| Aim of the exercise |
Write exactly the lines running from the start of the material below to the line that includes "doc.linetypes.add(name, pattern=pattern)", and include no pictures.

---------- Exercise data

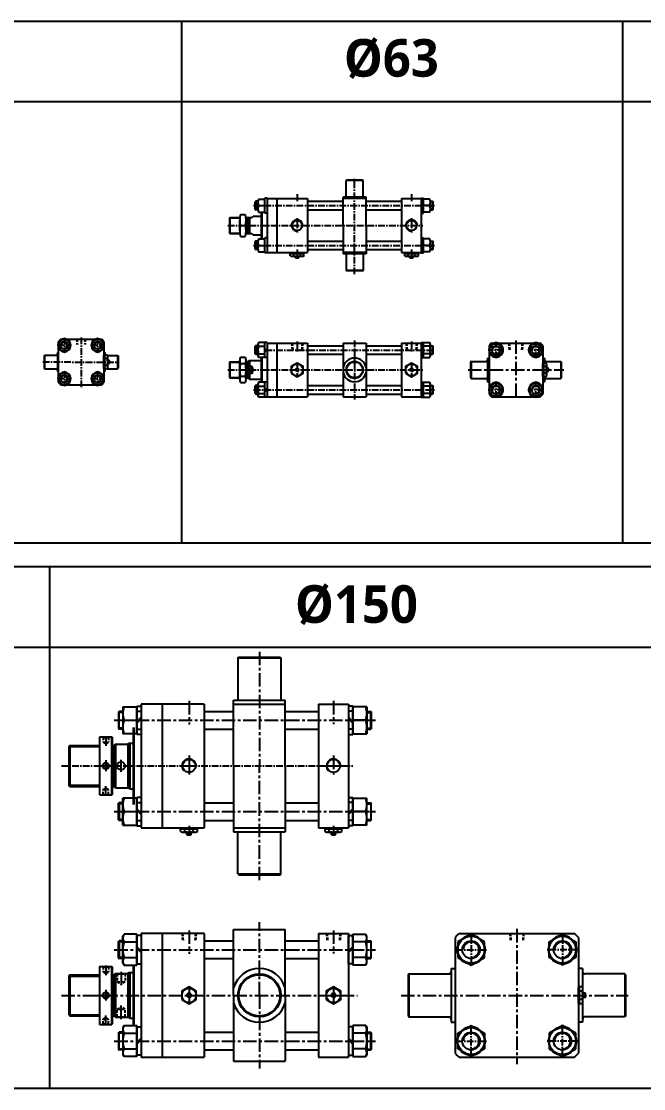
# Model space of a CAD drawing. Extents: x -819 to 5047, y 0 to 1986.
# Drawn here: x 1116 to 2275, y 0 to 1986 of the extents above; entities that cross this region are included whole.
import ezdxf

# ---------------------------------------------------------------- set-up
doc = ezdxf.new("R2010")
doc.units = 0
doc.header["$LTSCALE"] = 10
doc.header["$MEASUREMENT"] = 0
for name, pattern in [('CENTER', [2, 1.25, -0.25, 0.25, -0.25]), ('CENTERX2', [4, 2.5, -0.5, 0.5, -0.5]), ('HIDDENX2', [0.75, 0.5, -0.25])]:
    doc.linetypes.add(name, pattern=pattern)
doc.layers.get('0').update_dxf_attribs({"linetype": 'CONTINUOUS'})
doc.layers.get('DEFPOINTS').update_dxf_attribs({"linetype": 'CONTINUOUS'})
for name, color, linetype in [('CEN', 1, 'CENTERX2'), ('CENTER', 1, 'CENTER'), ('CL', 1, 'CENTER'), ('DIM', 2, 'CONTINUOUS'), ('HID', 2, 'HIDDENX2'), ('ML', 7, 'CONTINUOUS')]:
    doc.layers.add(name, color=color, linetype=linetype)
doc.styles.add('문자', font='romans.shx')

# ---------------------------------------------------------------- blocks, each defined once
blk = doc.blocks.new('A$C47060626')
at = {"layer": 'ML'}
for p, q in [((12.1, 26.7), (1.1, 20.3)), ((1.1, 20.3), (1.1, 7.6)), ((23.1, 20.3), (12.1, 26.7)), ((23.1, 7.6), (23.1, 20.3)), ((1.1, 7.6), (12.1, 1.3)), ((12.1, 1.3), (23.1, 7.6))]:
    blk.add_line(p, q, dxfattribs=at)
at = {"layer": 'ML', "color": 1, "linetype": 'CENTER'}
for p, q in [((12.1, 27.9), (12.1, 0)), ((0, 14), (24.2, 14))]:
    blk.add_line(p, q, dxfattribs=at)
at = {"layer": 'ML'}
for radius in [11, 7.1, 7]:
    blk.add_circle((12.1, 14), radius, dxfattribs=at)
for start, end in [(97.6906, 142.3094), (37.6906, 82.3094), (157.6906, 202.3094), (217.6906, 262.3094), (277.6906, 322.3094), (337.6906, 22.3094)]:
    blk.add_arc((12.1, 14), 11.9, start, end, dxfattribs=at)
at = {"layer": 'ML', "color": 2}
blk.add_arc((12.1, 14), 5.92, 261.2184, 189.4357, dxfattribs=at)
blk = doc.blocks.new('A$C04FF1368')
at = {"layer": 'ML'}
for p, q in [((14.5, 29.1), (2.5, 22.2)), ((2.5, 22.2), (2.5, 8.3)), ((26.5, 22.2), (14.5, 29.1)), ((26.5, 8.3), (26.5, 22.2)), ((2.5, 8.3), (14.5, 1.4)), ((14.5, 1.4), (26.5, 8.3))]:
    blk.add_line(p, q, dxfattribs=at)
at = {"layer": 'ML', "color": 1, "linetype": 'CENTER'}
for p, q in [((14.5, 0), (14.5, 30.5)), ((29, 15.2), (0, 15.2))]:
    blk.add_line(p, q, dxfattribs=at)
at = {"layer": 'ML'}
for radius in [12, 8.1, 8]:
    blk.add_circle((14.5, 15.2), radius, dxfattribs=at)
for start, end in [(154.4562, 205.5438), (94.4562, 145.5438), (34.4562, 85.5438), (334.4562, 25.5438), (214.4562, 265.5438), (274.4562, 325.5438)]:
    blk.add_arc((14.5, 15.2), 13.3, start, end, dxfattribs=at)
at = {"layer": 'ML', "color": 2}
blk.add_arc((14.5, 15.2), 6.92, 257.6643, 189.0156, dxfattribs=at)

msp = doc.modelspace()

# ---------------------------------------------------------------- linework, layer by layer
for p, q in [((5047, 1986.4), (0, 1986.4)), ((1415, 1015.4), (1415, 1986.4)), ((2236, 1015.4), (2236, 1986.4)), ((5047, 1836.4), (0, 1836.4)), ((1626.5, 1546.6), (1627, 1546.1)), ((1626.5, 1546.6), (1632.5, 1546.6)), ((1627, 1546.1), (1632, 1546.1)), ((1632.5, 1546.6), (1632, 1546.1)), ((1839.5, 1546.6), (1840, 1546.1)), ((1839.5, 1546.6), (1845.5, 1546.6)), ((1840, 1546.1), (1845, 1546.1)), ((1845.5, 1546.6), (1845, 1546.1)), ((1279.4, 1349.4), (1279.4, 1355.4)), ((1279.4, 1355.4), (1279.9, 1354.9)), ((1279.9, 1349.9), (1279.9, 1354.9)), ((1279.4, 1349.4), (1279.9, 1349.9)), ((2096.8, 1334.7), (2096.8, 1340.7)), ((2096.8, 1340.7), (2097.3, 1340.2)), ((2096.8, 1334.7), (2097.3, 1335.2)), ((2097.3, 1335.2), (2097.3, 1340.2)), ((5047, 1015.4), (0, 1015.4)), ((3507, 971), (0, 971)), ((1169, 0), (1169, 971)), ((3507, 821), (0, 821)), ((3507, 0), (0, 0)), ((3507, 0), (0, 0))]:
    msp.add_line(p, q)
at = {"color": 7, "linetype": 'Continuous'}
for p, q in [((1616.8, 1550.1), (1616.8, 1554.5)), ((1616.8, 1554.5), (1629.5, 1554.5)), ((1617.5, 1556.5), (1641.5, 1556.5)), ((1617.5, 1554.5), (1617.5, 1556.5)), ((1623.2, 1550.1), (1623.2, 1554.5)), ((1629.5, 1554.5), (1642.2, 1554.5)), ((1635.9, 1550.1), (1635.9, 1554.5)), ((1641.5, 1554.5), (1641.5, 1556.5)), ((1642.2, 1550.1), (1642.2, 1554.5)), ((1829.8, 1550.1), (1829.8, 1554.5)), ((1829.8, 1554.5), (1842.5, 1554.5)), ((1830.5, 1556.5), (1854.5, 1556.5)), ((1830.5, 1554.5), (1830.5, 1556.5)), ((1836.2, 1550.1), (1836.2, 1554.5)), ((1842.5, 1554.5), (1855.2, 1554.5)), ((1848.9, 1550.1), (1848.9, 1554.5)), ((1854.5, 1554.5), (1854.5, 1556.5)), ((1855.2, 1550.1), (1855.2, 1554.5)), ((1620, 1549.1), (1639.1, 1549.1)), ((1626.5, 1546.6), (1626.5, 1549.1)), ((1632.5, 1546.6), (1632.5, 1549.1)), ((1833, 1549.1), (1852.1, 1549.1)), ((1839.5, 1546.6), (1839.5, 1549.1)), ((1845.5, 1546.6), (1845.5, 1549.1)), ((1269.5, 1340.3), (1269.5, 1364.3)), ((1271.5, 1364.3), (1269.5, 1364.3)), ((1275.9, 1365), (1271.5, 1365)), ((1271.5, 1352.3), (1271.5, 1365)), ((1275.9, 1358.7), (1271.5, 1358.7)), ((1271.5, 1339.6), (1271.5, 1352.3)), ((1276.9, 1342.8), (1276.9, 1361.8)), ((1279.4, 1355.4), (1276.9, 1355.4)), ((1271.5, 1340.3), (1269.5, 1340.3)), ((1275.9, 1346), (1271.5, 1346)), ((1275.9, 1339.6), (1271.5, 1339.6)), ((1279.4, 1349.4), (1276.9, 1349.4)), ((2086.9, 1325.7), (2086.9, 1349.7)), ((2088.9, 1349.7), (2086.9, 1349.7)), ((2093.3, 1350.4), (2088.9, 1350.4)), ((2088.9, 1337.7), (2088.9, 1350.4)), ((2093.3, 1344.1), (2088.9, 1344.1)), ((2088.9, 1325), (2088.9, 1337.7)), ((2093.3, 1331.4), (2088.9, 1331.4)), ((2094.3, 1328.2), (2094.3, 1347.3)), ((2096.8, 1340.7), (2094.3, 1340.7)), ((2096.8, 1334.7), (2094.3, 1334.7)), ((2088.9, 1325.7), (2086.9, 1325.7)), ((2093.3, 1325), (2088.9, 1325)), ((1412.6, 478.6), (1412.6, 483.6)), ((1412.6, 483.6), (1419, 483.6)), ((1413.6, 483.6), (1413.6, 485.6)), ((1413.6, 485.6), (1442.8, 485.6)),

--------------------

| Your response |
# Model space of a CAD drawing. Extents: x -819 to 5047, y 0 to 1986.
# Drawn here: x 1116 to 2275, y 0 to 1986 of the extents above; entities that cross this region are included whole.
import ezdxf

# ---------------------------------------------------------------- set-up
doc = ezdxf.new("R2010")
doc.units = 0
doc.header["$LTSCALE"] = 10
doc.header["$MEASUREMENT"] = 0
for name, pattern in [('CENTER', [2, 1.25, -0.25, 0.25, -0.25]), ('CENTERX2', [4, 2.5, -0.5, 0.5, -0.5]), ('HIDDENX2', [0.75, 0.5, -0.25])]:
    doc.linetypes.add(name, pattern=pattern)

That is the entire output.